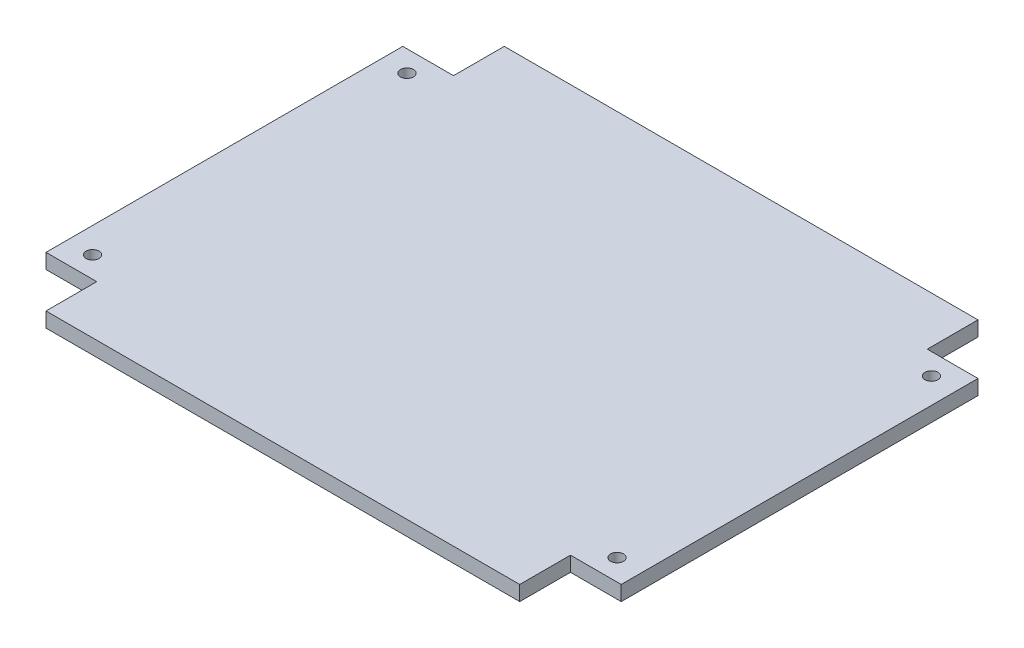
ISO-10303-21;
HEADER;
FILE_DESCRIPTION(('STEP AP214'),'2;1');
FILE_NAME('part.step','',(''),(''),'','','');
FILE_SCHEMA(('AUTOMOTIVE_DESIGN { 1 0 10303 214 1 1 1 1 }'));
ENDSEC;
DATA;
#1=APPLICATION_CONTEXT('core data for automotive mechanical design processes');
#2=APPLICATION_PROTOCOL_DEFINITION('international standard','automotive_design',2000,#1);
#3=PRODUCT_CONTEXT('',#1,'mechanical');
#4=PRODUCT('Part','Part','',(#3));
#5=PRODUCT_RELATED_PRODUCT_CATEGORY('part','',(#4));
#6=PRODUCT_DEFINITION_FORMATION('','',#4);
#7=PRODUCT_DEFINITION_CONTEXT('part definition',#1,'design');
#8=PRODUCT_DEFINITION('design','',#6,#7);
#9=PRODUCT_DEFINITION_SHAPE('','',#8);
#10=(LENGTH_UNIT() NAMED_UNIT(*) SI_UNIT(.MILLI.,.METRE.));
#11=(NAMED_UNIT(*) PLANE_ANGLE_UNIT() SI_UNIT($,.RADIAN.));
#12=(NAMED_UNIT(*) SI_UNIT($,.STERADIAN.) SOLID_ANGLE_UNIT());
#13=UNCERTAINTY_MEASURE_WITH_UNIT(LENGTH_MEASURE(1.E-05),#10,'distance_accuracy_value','');
#14=(GEOMETRIC_REPRESENTATION_CONTEXT(3) GLOBAL_UNCERTAINTY_ASSIGNED_CONTEXT((#13)) GLOBAL_UNIT_ASSIGNED_CONTEXT((#10,
#11,#12)) REPRESENTATION_CONTEXT('',''));
#15=CARTESIAN_POINT('',(0.,0.,0.));
#16=DIRECTION('',(0.,0.,1.));
#17=DIRECTION('',(1.,0.,0.));
#18=AXIS2_PLACEMENT_3D('',#15,#16,#17);
#19=CARTESIAN_POINT('',(-107.95,5.588,86.001599904));
#20=DIRECTION('',(1.,0.,0.));
#21=DIRECTION('',(0.,0.,-1.));
#22=AXIS2_PLACEMENT_3D('',#19,#20,#21);
#23=PLANE('',#22);
#24=DIRECTION('',(0.,0.,1.));
#25=VECTOR('',#24,1.);
#26=CARTESIAN_POINT('',(-107.95,0.,86.001599904));
#27=LINE('',#26,#25);
#28=CARTESIAN_POINT('',(-107.95,0.,-66.951599904));
#29=VERTEX_POINT('',#28);
#30=CARTESIAN_POINT('',(-107.95,0.,66.951599904));
#31=VERTEX_POINT('',#30);
#32=EDGE_CURVE('E145',#29,#31,#27,.T.);
#33=ORIENTED_EDGE('',*,*,#32,.T.);
#34=DIRECTION('',(0.,1.,0.));
#35=VECTOR('',#34,1.);
#36=CARTESIAN_POINT('',(-107.95,0.,66.951599904));
#37=LINE('',#36,#35);
#38=CARTESIAN_POINT('',(-107.95,5.588,66.951599904));
#39=VERTEX_POINT('',#38);
#40=EDGE_CURVE('E206',#31,#39,#37,.T.);
#41=ORIENTED_EDGE('',*,*,#40,.T.);
#42=DIRECTION('',(0.,0.,1.));
#43=VECTOR('',#42,1.);
#44=CARTESIAN_POINT('',(-107.95,5.588,86.001599904));
#45=LINE('',#44,#43);
#46=CARTESIAN_POINT('',(-107.95,5.588,-66.951599904));
#47=VERTEX_POINT('',#46);
#48=EDGE_CURVE('E153',#47,#39,#45,.T.);
#49=ORIENTED_EDGE('',*,*,#48,.F.);
#50=DIRECTION('',(0.,1.,0.));
#51=VECTOR('',#50,1.);
#52=CARTESIAN_POINT('',(-107.95,0.,-66.951599904));
#53=LINE('',#52,#51);
#54=EDGE_CURVE('E156',#29,#47,#53,.T.);
#55=ORIENTED_EDGE('',*,*,#54,.F.);
#56=EDGE_LOOP('',(#33,#41,#49,#55));
#57=FACE_BOUND('',#56,.T.);
#58=ADVANCED_FACE('F35',(#57),#23,.F.);
#59=CARTESIAN_POINT('',(107.95,5.588,86.001599904));
#60=DIRECTION('',(0.,0.,-1.));
#61=DIRECTION('',(-1.,0.,0.));
#62=AXIS2_PLACEMENT_3D('',#59,#60,#61);
#63=PLANE('',#62);
#64=DIRECTION('',(1.,0.,0.));
#65=VECTOR('',#64,1.);
#66=CARTESIAN_POINT('',(107.95,5.588,86.001599904));
#67=LINE('',#66,#65);
#68=CARTESIAN_POINT('',(-88.9,5.588,86.001599904));
#69=VERTEX_POINT('',#68);
#70=CARTESIAN_POINT('',(88.9,5.588,86.001599904));
#71=VERTEX_POINT('',#70);
#72=EDGE_CURVE('E140',#69,#71,#67,.T.);
#73=ORIENTED_EDGE('',*,*,#72,.F.);
#74=DIRECTION('',(0.,1.,0.));
#75=VECTOR('',#74,1.);
#76=CARTESIAN_POINT('',(-88.9,0.,86.001599904));
#77=LINE('',#76,#75);
#78=CARTESIAN_POINT('',(-88.9,0.,86.001599904));
#79=VERTEX_POINT('',#78);
#80=EDGE_CURVE('E128',#79,#69,#77,.T.);
#81=ORIENTED_EDGE('',*,*,#80,.F.);
#82=DIRECTION('',(1.,0.,0.));
#83=VECTOR('',#82,1.);
#84=CARTESIAN_POINT('',(107.95,0.,86.001599904));
#85=LINE('',#84,#83);
#86=CARTESIAN_POINT('',(88.9,0.,86.001599904));
#87=VERTEX_POINT('',#86);
#88=EDGE_CURVE('E139',#79,#87,#85,.T.);
#89=ORIENTED_EDGE('',*,*,#88,.T.);
#90=DIRECTION('',(0.,1.,0.));
#91=VECTOR('',#90,1.);
#92=CARTESIAN_POINT('',(88.9,0.,86.001599904));
#93=LINE('',#92,#91);
#94=EDGE_CURVE('E189',#87,#71,#93,.T.);
#95=ORIENTED_EDGE('',*,*,#94,.T.);
#96=EDGE_LOOP('',(#73,#81,#89,#95));
#97=FACE_BOUND('',#96,.T.);
#98=ADVANCED_FACE('F137',(#97),#63,.F.);
#99=CARTESIAN_POINT('',(107.95,5.588,86.001599904));
#100=DIRECTION('',(-1.,0.,0.));
#101=DIRECTION('',(0.,0.,1.));
#102=AXIS2_PLACEMENT_3D('',#99,#100,#101);
#103=PLANE('',#102);
#104=DIRECTION('',(0.,0.,-1.));
#105=VECTOR('',#104,1.);
#106=CARTESIAN_POINT('',(107.95,5.588,86.001599904));
#107=LINE('',#106,#105);
#108=CARTESIAN_POINT('',(107.95,5.588,66.951599904));
#109=VERTEX_POINT('',#108);
#110=CARTESIAN_POINT('',(107.95,5.588,-66.951599904));
#111=VERTEX_POINT('',#110);
#112=EDGE_CURVE('E43',#109,#111,#107,.T.);
#113=ORIENTED_EDGE('',*,*,#112,.F.);
#114=DIRECTION('',(0.,1.,0.));
#115=VECTOR('',#114,1.);
#116=CARTESIAN_POINT('',(107.95,0.,66.951599904));
#117=LINE('',#116,#115);
#118=CARTESIAN_POINT('',(107.95,0.,66.951599904));
#119=VERTEX_POINT('',#118);
#120=EDGE_CURVE('E194',#119,#109,#117,.T.);
#121=ORIENTED_EDGE('',*,*,#120,.F.);
#122=DIRECTION('',(0.,0.,-1.));
#123=VECTOR('',#122,1.);
#124=CARTESIAN_POINT('',(107.95,0.,86.001599904));
#125=LINE('',#124,#123);
#126=CARTESIAN_POINT('',(107.95,0.,-66.951599904));
#127=VERTEX_POINT('',#126);
#128=EDGE_CURVE('E144',#119,#127,#125,.T.);
#129=ORIENTED_EDGE('',*,*,#128,.T.);
#130=DIRECTION('',(0.,1.,0.));
#131=VECTOR('',#130,1.);
#132=CARTESIAN_POINT('',(107.95,0.,-66.951599904));
#133=LINE('',#132,#131);
#134=EDGE_CURVE('E170',#127,#111,#133,.T.);
#135=ORIENTED_EDGE('',*,*,#134,.T.);
#136=EDGE_LOOP('',(#113,#121,#129,#135));
#137=FACE_BOUND('',#136,.T.);
#138=ADVANCED_FACE('F290',(#137),#103,.F.);
#139=CARTESIAN_POINT('',(107.95,5.588,-86.001599904));
#140=DIRECTION('',(0.,0.,1.));
#141=DIRECTION('',(1.,0.,0.));
#142=AXIS2_PLACEMENT_3D('',#139,#140,#141);
#143=PLANE('',#142);
#144=DIRECTION('',(-1.,0.,0.));
#145=VECTOR('',#144,1.);
#146=CARTESIAN_POINT('',(107.95,5.588,-86.001599904));
#147=LINE('',#146,#145);
#148=CARTESIAN_POINT('',(88.9,5.588,-86.001599904));
#149=VERTEX_POINT('',#148);
#150=CARTESIAN_POINT('',(-88.9,5.588,-86.001599904));
#151=VERTEX_POINT('',#150);
#152=EDGE_CURVE('E11',#149,#151,#147,.T.);
#153=ORIENTED_EDGE('',*,*,#152,.F.);
#154=DIRECTION('',(0.,1.,0.));
#155=VECTOR('',#154,1.);
#156=CARTESIAN_POINT('',(88.9,0.,-86.001599904));
#157=LINE('',#156,#155);
#158=CARTESIAN_POINT('',(88.9,0.,-86.001599904));
#159=VERTEX_POINT('',#158);
#160=EDGE_CURVE('E175',#159,#149,#157,.T.);
#161=ORIENTED_EDGE('',*,*,#160,.F.);
#162=DIRECTION('',(-1.,0.,0.));
#163=VECTOR('',#162,1.);
#164=CARTESIAN_POINT('',(107.95,0.,-86.001599904));
#165=LINE('',#164,#163);
#166=CARTESIAN_POINT('',(-88.9,0.,-86.001599904));
#167=VERTEX_POINT('',#166);
#168=EDGE_CURVE('E38',#159,#167,#165,.T.);
#169=ORIENTED_EDGE('',*,*,#168,.T.);
#170=DIRECTION('',(0.,1.,0.));
#171=VECTOR('',#170,1.);
#172=CARTESIAN_POINT('',(-88.9,0.,-86.001599904));
#173=LINE('',#172,#171);
#174=EDGE_CURVE('E148',#167,#151,#173,.T.);
#175=ORIENTED_EDGE('',*,*,#174,.T.);
#176=EDGE_LOOP('',(#153,#161,#169,#175));
#177=FACE_BOUND('',#176,.T.);
#178=ADVANCED_FACE('F253',(#177),#143,.F.);
#179=CARTESIAN_POINT('',(0.,5.588,0.));
#180=DIRECTION('',(0.,1.,0.));
#181=DIRECTION('',(0.,0.,1.));
#182=AXIS2_PLACEMENT_3D('',#179,#180,#181);
#183=PLANE('',#182);
#184=CARTESIAN_POINT('',(98.425,5.588,-59.014099904));
#185=DIRECTION('',(0.,1.,0.));
#186=DIRECTION('',(0.,0.,1.));
#187=AXIS2_PLACEMENT_3D('',#184,#185,#186);
#188=CIRCLE('',#187,2.4257);
#189=CARTESIAN_POINT('',(98.425,5.588,-56.588399904));
#190=VERTEX_POINT('',#189);
#191=EDGE_CURVE('E235',#190,#190,#188,.T.);
#192=ORIENTED_EDGE('',*,*,#191,.F.);
#193=EDGE_LOOP('',(#192));
#194=FACE_BOUND('',#193,.T.);
#195=CARTESIAN_POINT('',(98.425,5.588,59.014099904));
#196=DIRECTION('',(0.,1.,0.));
#197=DIRECTION('',(0.,0.,1.));
#198=AXIS2_PLACEMENT_3D('',#195,#196,#197);
#199=CIRCLE('',#198,2.4257);
#200=CARTESIAN_POINT('',(98.425,5.588,61.439799904));
#201=VERTEX_POINT('',#200);
#202=EDGE_CURVE('E229',#201,#201,#199,.T.);
#203=ORIENTED_EDGE('',*,*,#202,.F.);
#204=EDGE_LOOP('',(#203));
#205=FACE_BOUND('',#204,.T.);
#206=CARTESIAN_POINT('',(-98.425,5.588,59.014099904));
#207=DIRECTION('',(0.,1.,0.));
#208=DIRECTION('',(0.,0.,1.));
#209=AXIS2_PLACEMENT_3D('',#206,#207,#208);
#210=CIRCLE('',#209,2.4257);
#211=CARTESIAN_POINT('',(-98.425,5.588,61.439799904));
#212=VERTEX_POINT('',#211);
#213=EDGE_CURVE('E223',#212,#212,#210,.T.);
#214=ORIENTED_EDGE('',*,*,#213,.F.);
#215=EDGE_LOOP('',(#214));
#216=FACE_BOUND('',#215,.T.);
#217=CARTESIAN_POINT('',(-98.425,5.588,-59.014099904));
#218=DIRECTION('',(0.,1.,0.));
#219=DIRECTION('',(0.,0.,1.));
#220=AXIS2_PLACEMENT_3D('',#217,#218,#219);
#221=CIRCLE('',#220,2.4257);
#222=CARTESIAN_POINT('',(-98.425,5.588,-56.588399904));
#223=VERTEX_POINT('',#222);
#224=EDGE_CURVE('E217',#223,#223,#221,.T.);
#225=ORIENTED_EDGE('',*,*,#224,.F.);
#226=EDGE_LOOP('',(#225));
#227=FACE_BOUND('',#226,.T.);
#228=DIRECTION('',(-1.,0.,0.));
#229=VECTOR('',#228,1.);
#230=CARTESIAN_POINT('',(-107.95,5.588,66.951599904));
#231=LINE('',#230,#229);
#232=CARTESIAN_POINT('',(-88.9,5.588,66.951599904));
#233=VERTEX_POINT('',#232);
#234=EDGE_CURVE('E133',#233,#39,#231,.T.);
#235=ORIENTED_EDGE('',*,*,#234,.F.);
#236=DIRECTION('',(0.,0.,-1.));
#237=VECTOR('',#236,1.);
#238=CARTESIAN_POINT('',(-88.9,5.588,86.001599904));
#239=LINE('',#238,#237);
#240=EDGE_CURVE('E213',#69,#233,#239,.T.);
#241=ORIENTED_EDGE('',*,*,#240,.F.);
#242=ORIENTED_EDGE('',*,*,#72,.T.);
#243=DIRECTION('',(0.,0.,1.));
#244=VECTOR('',#243,1.);
#245=CARTESIAN_POINT('',(88.9,5.588,86.001599904));
#246=LINE('',#245,#244);
#247=CARTESIAN_POINT('',(88.9,5.588,66.951599904));
#248=VERTEX_POINT('',#247);
#249=EDGE_CURVE('E199',#248,#71,#246,.T.);
#250=ORIENTED_EDGE('',*,*,#249,.F.);
#251=DIRECTION('',(-1.,0.,0.));
#252=VECTOR('',#251,1.);
#253=CARTESIAN_POINT('',(107.95,5.588,66.951599904));
#254=LINE('',#253,#252);
#255=EDGE_CURVE('E203',#109,#248,#254,.T.);
#256=ORIENTED_EDGE('',*,*,#255,.F.);
#257=ORIENTED_EDGE('',*,*,#112,.T.);
#258=DIRECTION('',(1.,0.,0.));
#259=VECTOR('',#258,1.);
#260=CARTESIAN_POINT('',(107.95,5.588,-66.951599904));
#261=LINE('',#260,#259);
#262=CARTESIAN_POINT('',(88.9,5.588,-66.951599904));
#263=VERTEX_POINT('',#262);
#264=EDGE_CURVE('E182',#263,#111,#261,.T.);
#265=ORIENTED_EDGE('',*,*,#264,.F.);
#266=DIRECTION('',(0.,0.,1.));
#267=VECTOR('',#266,1.);
#268=CARTESIAN_POINT('',(88.9,5.588,-86.001599904));
#269=LINE('',#268,#267);
#270=EDGE_CURVE('E186',#149,#263,#269,.T.);
#271=ORIENTED_EDGE('',*,*,#270,.F.);
#272=ORIENTED_EDGE('',*,*,#152,.T.);
#273=DIRECTION('',(0.,0.,-1.));
#274=VECTOR('',#273,1.);
#275=CARTESIAN_POINT('',(-88.9,5.588,-86.001599904));
#276=LINE('',#275,#274);
#277=CARTESIAN_POINT('',(-88.9,5.588,-66.951599904));
#278=VERTEX_POINT('',#277);
#279=EDGE_CURVE('E163',#278,#151,#276,.T.);
#280=ORIENTED_EDGE('',*,*,#279,.F.);
#281=DIRECTION('',(1.,0.,0.));
#282=VECTOR('',#281,1.);
#283=CARTESIAN_POINT('',(-107.95,5.588,-66.951599904));
#284=LINE('',#283,#282);
#285=EDGE_CURVE('E167',#47,#278,#284,.T.);
#286=ORIENTED_EDGE('',*,*,#285,.F.);
#287=ORIENTED_EDGE('',*,*,#48,.T.);
#288=EDGE_LOOP('',(#235,#241,#242,#250,#256,#257,#265,#271,#272,#280,#286,#287));
#289=FACE_BOUND('',#288,.T.);
#290=ADVANCED_FACE('F250',(#194,#205,#216,#227,#289),#183,.T.);
#291=CARTESIAN_POINT('',(0.,0.,0.));
#292=DIRECTION('',(0.,1.,0.));
#293=DIRECTION('',(0.,0.,1.));
#294=AXIS2_PLACEMENT_3D('',#291,#292,#293);
#295=PLANE('',#294);
#296=CARTESIAN_POINT('',(98.425,0.,-59.014099904));
#297=DIRECTION('',(0.,1.,0.));
#298=DIRECTION('',(0.,0.,1.));
#299=AXIS2_PLACEMENT_3D('',#296,#297,#298);
#300=CIRCLE('',#299,2.4257);
#301=CARTESIAN_POINT('',(98.425,0.,-56.588399904));
#302=VERTEX_POINT('',#301);
#303=EDGE_CURVE('E232',#302,#302,#300,.T.);
#304=ORIENTED_EDGE('',*,*,#303,.T.);
#305=EDGE_LOOP('',(#304));
#306=FACE_BOUND('',#305,.T.);
#307=CARTESIAN_POINT('',(98.425,0.,59.014099904));
#308=DIRECTION('',(0.,1.,0.));
#309=DIRECTION('',(0.,0.,1.));
#310=AXIS2_PLACEMENT_3D('',#307,#308,#309);
#311=CIRCLE('',#310,2.4257);
#312=CARTESIAN_POINT('',(98.425,0.,61.439799904));
#313=VERTEX_POINT('',#312);
#314=EDGE_CURVE('E226',#313,#313,#311,.T.);
#315=ORIENTED_EDGE('',*,*,#314,.T.);
#316=EDGE_LOOP('',(#315));
#317=FACE_BOUND('',#316,.T.);
#318=CARTESIAN_POINT('',(-98.425,0.,59.014099904));
#319=DIRECTION('',(0.,1.,0.));
#320=DIRECTION('',(0.,0.,1.));
#321=AXIS2_PLACEMENT_3D('',#318,#319,#320);
#322=CIRCLE('',#321,2.4257);
#323=CARTESIAN_POINT('',(-98.425,0.,61.439799904));
#324=VERTEX_POINT('',#323);
#325=EDGE_CURVE('E220',#324,#324,#322,.T.);
#326=ORIENTED_EDGE('',*,*,#325,.T.);
#327=EDGE_LOOP('',(#326));
#328=FACE_BOUND('',#327,.T.);
#329=CARTESIAN_POINT('',(-98.425,0.,-59.014099904));
#330=DIRECTION('',(0.,1.,0.));
#331=DIRECTION('',(0.,0.,1.));
#332=AXIS2_PLACEMENT_3D('',#329,#330,#331);
#333=CIRCLE('',#332,2.4257);
#334=CARTESIAN_POINT('',(-98.425,0.,-56.588399904));
#335=VERTEX_POINT('',#334);
#336=EDGE_CURVE('E215',#335,#335,#333,.T.);
#337=ORIENTED_EDGE('',*,*,#336,.T.);
#338=EDGE_LOOP('',(#337));
#339=FACE_BOUND('',#338,.T.);
#340=DIRECTION('',(0.,0.,-1.));
#341=VECTOR('',#340,1.);
#342=CARTESIAN_POINT('',(-88.9,0.,86.001599904));
#343=LINE('',#342,#341);
#344=CARTESIAN_POINT('',(-88.9,0.,66.951599904));
#345=VERTEX_POINT('',#344);
#346=EDGE_CURVE('E124',#79,#345,#343,.T.);
#347=ORIENTED_EDGE('',*,*,#346,.T.);
#348=DIRECTION('',(-1.,0.,0.));
#349=VECTOR('',#348,1.);
#350=CARTESIAN_POINT('',(-107.95,0.,66.951599904));
#351=LINE('',#350,#349);
#352=EDGE_CURVE('E51',#345,#31,#351,.T.);
#353=ORIENTED_EDGE('',*,*,#352,.T.);
#354=ORIENTED_EDGE('',*,*,#32,.F.);
#355=DIRECTION('',(1.,0.,0.));
#356=VECTOR('',#355,1.);
#357=CARTESIAN_POINT('',(-107.95,0.,-66.951599904));
#358=LINE('',#357,#356);
#359=CARTESIAN_POINT('',(-88.9,0.,-66.951599904));
#360=VERTEX_POINT('',#359);
#361=EDGE_CURVE('E166',#29,#360,#358,.T.);
#362=ORIENTED_EDGE('',*,*,#361,.T.);
#363=DIRECTION('',(0.,0.,-1.));
#364=VECTOR('',#363,1.);
#365=CARTESIAN_POINT('',(-88.9,0.,-86.001599904));
#366=LINE('',#365,#364);
#367=EDGE_CURVE('E159',#360,#167,#366,.T.);
#368=ORIENTED_EDGE('',*,*,#367,.T.);
#369=ORIENTED_EDGE('',*,*,#168,.F.);
#370=DIRECTION('',(0.,0.,1.));
#371=VECTOR('',#370,1.);
#372=CARTESIAN_POINT('',(88.9,0.,-86.001599904));
#373=LINE('',#372,#371);
#374=CARTESIAN_POINT('',(88.9,0.,-66.951599904));
#375=VERTEX_POINT('',#374);
#376=EDGE_CURVE('E185',#159,#375,#373,.T.);
#377=ORIENTED_EDGE('',*,*,#376,.T.);
#378=DIRECTION('',(1.,0.,0.));
#379=VECTOR('',#378,1.);
#380=CARTESIAN_POINT('',(107.95,0.,-66.951599904));
#381=LINE('',#380,#379);
#382=EDGE_CURVE('E178',#375,#127,#381,.T.);
#383=ORIENTED_EDGE('',*,*,#382,.T.);
#384=ORIENTED_EDGE('',*,*,#128,.F.);
#385=DIRECTION('',(-1.,0.,0.));
#386=VECTOR('',#385,1.);
#387=CARTESIAN_POINT('',(107.95,0.,66.951599904));
#388=LINE('',#387,#386);
#389=CARTESIAN_POINT('',(88.9,0.,66.951599904));
#390=VERTEX_POINT('',#389);
#391=EDGE_CURVE('E202',#119,#390,#388,.T.);
#392=ORIENTED_EDGE('',*,*,#391,.T.);
#393=DIRECTION('',(0.,0.,1.));
#394=VECTOR('',#393,1.);
#395=CARTESIAN_POINT('',(88.9,0.,86.001599904));
#396=LINE('',#395,#394);
#397=EDGE_CURVE('E59',#390,#87,#396,.T.);
#398=ORIENTED_EDGE('',*,*,#397,.T.);
#399=ORIENTED_EDGE('',*,*,#88,.F.);
#400=EDGE_LOOP('',(#347,#353,#354,#362,#368,#369,#377,#383,#384,#392,#398,#399));
#401=FACE_BOUND('',#400,.T.);
#402=ADVANCED_FACE('F142',(#306,#317,#328,#339,#401),#295,.F.);
#403=CARTESIAN_POINT('',(-88.9,0.,-86.001599904));
#404=DIRECTION('',(1.,0.,0.));
#405=DIRECTION('',(0.,0.,-1.));
#406=AXIS2_PLACEMENT_3D('',#403,#404,#405);
#407=PLANE('',#406);
#408=ORIENTED_EDGE('',*,*,#279,.T.);
#409=ORIENTED_EDGE('',*,*,#174,.F.);
#410=ORIENTED_EDGE('',*,*,#367,.F.);
#411=DIRECTION('',(0.,1.,0.));
#412=VECTOR('',#411,1.);
#413=CARTESIAN_POINT('',(-88.9,0.,-66.951599904));
#414=LINE('',#413,#412);
#415=EDGE_CURVE('E158',#360,#278,#414,.T.);
#416=ORIENTED_EDGE('',*,*,#415,.T.);
#417=EDGE_LOOP('',(#408,#409,#410,#416));
#418=FACE_BOUND('',#417,.T.);
#419=ADVANCED_FACE('F274',(#418),#407,.F.);
#420=CARTESIAN_POINT('',(-107.95,0.,-66.951599904));
#421=DIRECTION('',(0.,0.,1.));
#422=DIRECTION('',(1.,0.,0.));
#423=AXIS2_PLACEMENT_3D('',#420,#421,#422);
#424=PLANE('',#423);
#425=ORIENTED_EDGE('',*,*,#285,.T.);
#426=ORIENTED_EDGE('',*,*,#415,.F.);
#427=ORIENTED_EDGE('',*,*,#361,.F.);
#428=ORIENTED_EDGE('',*,*,#54,.T.);
#429=EDGE_LOOP('',(#425,#426,#427,#428));
#430=FACE_BOUND('',#429,.T.);
#431=ADVANCED_FACE('F271',(#430),#424,.F.);
#432=CARTESIAN_POINT('',(107.95,0.,-66.951599904));
#433=DIRECTION('',(0.,0.,1.));
#434=DIRECTION('',(1.,0.,0.));
#435=AXIS2_PLACEMENT_3D('',#432,#433,#434);
#436=PLANE('',#435);
#437=ORIENTED_EDGE('',*,*,#264,.T.);
#438=ORIENTED_EDGE('',*,*,#134,.F.);
#439=ORIENTED_EDGE('',*,*,#382,.F.);
#440=DIRECTION('',(0.,1.,0.));
#441=VECTOR('',#440,1.);
#442=CARTESIAN_POINT('',(88.9,0.,-66.951599904));
#443=LINE('',#442,#441);
#444=EDGE_CURVE('E177',#375,#263,#443,.T.);
#445=ORIENTED_EDGE('',*,*,#444,.T.);
#446=EDGE_LOOP('',(#437,#438,#439,#445));
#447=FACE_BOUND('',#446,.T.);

::::

■ **WORK TO COMPLETE**: From the records above, copy out the line with "#433=DIRECTION('',(0.,0.,1.));", the line with "#440=DIRECTION('',(0.,1.,0.));", and every line between them, word for word.

■ **EXPECTED OUTPUT**:
#433=DIRECTION('',(0.,0.,1.));
#434=DIRECTION('',(1.,0.,0.));
#435=AXIS2_PLACEMENT_3D('',#432,#433,#434);
#436=PLANE('',#435);
#437=ORIENTED_EDGE('',*,*,#264,.T.);
#438=ORIENTED_EDGE('',*,*,#134,.F.);
#439=ORIENTED_EDGE('',*,*,#382,.F.);
#440=DIRECTION('',(0.,1.,0.));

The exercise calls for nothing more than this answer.